Further, yet another aspect of the present invention resides in that the generation of noises can be prevented by changing the coefficients of the convolvers by performing what is called a cross fading.
BRIEF DESCRIPTION OF THE DRAWINGSOther features, objects and advantages of the present invention will become apparent from the following description of preferred embodiments with reference to the drawings in which like reference characters designate like or corresponding parts throughout several views, and in which:
FIG. 1 is a schematic block diagram for illustrating the configuration of a first embodiment of the present invention (namely, the basic configuration of a sound image localization control apparatus according to the present invention);
FIG. 2 is a schematic block diagram for illustrating the configuration of a modification of the first embodiment of the present invention (namely, a second embodiment of the present invention);
FIG. 3 is a schematic block diagram for illustrating the configuration of another modification of the first embodiment of the present invention (namely, a third embodiment of the present invention);
FIG. 4(A) is a schematic block diagram for illustrating the configuration of a fourth embodiment of the present invention;
FIG. 4(B) is a schematic block diagram for illustrating the configuration of a modification of the fourth embodiment of the present invention;
FIG. 5 is a schematic block diagram for illustrating the configuration of a fifth embodiment of the present invention;
FIG. 6 is a schematic block diagram for illustrating the configuration of a sixth embodiment of the present invention;
FIGS. 7(A) to 7(E) are diagrams for illustrating a cross fading processing to be performed in the sixth embodiment of the present invention;
FIG. 8 is a schematic block diagram for illustrating the configuration of a seventh embodiment of the present invention;
FIGS. 9(A) to 9(G) are diagrams for illustrating synchronization timing in the seventh embodiment of the present invention;
FIG. 10 is a schematic block diagram for illustrating the configuration of an eighth embodiment of the present invention;
FIG. 11 is a schematic block diagram for illustrating the configuration of a ninth embodiment of the present invention;
FIG. 12 is a schematic block diagram for illustrating the configuration of a tenth embodiment of the present invention;
FIG. 13 is a schematic block diagram for illustrating the configuration of an eleventh embodiment of the present invention;
FIG. 14 is a schematic block diagram for illustrating the configuration of a twelfth embodiment of the present invention;
FIGS. 15(A) to 15(G) are diagrams for illustrating a cross fading processing to be performed in the twelfth embodiment of the present invention;
FIG. 16 is a schematic block diagram for illustrating the configuration of a thirteenth embodiment of the present invention;
FIG. 17 is a schematic block diagram for illustrating the fundamental principle of sound image localization;
FIG. 18 is a flowchart for illustrating a sound image localization control method employed in a sound image localization control apparatus of the present invention;
FIG. 19 is a schematic block diagram for illustrating the configuration of a system for measuring HRTF (thus, head-related transfer characteristics);
FIG. 20 is a diagram for illustrating positions at which HRTF is measured (thus, head-related transfer characteristics are measured); and
FIG. 21 is a diagram for illustrating calculation of coefficients of localization filters (to be described later).

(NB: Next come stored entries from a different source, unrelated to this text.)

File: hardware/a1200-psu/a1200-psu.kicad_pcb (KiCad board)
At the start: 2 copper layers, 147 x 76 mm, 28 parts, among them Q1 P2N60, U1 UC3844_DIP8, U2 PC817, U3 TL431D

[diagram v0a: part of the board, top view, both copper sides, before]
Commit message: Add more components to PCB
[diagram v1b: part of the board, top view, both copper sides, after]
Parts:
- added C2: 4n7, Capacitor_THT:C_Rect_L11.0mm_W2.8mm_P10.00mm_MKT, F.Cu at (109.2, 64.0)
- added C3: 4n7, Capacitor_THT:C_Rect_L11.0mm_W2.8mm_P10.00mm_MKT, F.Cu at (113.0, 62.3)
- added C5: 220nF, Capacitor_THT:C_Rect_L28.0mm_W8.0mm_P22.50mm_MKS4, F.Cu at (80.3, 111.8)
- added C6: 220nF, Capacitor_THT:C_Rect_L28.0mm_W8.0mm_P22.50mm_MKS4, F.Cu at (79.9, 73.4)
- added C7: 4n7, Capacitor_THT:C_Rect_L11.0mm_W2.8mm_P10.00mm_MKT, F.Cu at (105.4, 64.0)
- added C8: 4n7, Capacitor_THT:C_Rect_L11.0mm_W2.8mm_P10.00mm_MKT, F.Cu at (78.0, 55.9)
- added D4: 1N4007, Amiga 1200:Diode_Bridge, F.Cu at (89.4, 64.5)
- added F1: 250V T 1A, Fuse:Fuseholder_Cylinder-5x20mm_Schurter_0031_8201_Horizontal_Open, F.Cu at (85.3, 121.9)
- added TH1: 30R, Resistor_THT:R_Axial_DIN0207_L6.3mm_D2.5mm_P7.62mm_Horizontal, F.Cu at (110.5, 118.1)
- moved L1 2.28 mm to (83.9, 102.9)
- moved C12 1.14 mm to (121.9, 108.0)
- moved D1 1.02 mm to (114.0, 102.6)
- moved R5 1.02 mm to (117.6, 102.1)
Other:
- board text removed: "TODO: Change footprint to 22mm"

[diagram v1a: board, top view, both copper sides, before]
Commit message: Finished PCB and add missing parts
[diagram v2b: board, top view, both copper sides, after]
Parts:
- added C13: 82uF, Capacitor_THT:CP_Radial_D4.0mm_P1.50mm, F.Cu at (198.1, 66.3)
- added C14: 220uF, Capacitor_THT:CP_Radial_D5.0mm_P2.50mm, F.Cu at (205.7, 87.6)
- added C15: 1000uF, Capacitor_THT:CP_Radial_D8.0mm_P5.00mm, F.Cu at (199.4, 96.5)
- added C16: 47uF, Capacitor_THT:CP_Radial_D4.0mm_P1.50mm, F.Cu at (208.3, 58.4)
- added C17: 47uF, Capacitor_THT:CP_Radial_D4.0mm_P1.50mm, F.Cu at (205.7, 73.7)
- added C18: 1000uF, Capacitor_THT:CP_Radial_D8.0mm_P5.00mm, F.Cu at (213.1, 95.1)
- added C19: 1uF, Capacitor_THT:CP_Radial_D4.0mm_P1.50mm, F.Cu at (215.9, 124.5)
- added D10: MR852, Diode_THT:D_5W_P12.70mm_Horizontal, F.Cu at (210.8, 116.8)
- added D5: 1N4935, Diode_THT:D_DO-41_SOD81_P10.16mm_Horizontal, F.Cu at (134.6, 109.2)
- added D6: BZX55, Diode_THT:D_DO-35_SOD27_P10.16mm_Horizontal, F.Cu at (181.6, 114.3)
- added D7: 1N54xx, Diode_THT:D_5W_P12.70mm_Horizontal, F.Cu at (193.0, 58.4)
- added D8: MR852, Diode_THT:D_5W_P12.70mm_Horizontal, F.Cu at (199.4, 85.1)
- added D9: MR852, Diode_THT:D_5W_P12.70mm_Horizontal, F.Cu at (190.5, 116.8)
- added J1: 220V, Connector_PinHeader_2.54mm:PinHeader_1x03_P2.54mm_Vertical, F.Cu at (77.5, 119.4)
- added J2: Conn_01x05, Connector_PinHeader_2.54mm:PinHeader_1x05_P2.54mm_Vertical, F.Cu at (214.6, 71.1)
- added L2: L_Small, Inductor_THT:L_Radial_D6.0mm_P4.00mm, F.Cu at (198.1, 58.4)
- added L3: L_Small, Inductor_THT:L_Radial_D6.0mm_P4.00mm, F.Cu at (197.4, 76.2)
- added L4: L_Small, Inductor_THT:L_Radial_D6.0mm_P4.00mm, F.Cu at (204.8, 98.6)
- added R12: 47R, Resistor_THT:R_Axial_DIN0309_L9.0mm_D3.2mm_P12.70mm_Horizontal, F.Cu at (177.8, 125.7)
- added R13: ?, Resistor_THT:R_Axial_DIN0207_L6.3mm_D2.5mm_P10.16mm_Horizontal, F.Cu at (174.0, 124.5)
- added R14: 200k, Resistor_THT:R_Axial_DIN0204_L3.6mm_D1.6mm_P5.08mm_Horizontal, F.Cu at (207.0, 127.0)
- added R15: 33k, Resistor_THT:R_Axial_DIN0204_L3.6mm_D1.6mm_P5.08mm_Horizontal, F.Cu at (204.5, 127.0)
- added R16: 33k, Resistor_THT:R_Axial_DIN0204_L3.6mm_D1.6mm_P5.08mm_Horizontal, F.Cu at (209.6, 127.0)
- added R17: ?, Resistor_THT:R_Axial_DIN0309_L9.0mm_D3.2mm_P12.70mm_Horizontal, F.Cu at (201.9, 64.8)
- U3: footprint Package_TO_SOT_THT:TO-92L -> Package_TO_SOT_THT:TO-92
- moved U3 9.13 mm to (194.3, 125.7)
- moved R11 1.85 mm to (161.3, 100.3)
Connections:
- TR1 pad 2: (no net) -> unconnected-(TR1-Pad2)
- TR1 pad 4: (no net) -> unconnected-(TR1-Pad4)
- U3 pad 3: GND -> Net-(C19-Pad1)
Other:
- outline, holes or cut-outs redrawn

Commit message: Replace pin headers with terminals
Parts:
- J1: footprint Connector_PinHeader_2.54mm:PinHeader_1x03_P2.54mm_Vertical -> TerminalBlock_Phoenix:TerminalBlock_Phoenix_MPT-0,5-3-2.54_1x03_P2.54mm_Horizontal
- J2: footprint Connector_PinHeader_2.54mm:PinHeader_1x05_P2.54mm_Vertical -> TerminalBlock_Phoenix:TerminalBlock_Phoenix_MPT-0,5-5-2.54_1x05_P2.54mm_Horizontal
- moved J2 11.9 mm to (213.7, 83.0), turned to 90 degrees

DETAILED DESCRIPTION OF THE PREFERRED EMBODIMENTSHereinafter, preferred embodiments of the present invention will be described in detail by referring to the accompanying drawings.
First, the fundamental principle of the sound image localization control method employed in the preferred embodiments according to (namely, the sound image localization control apparatuses embodying) the present invention will be explained hereinbelow. This technique is employed to localize a sound image at an arbitrary position in space by using a pair of transducers (hereinafter, it is assumed that for example, speakers are used as the transducers) disposed apart from each other.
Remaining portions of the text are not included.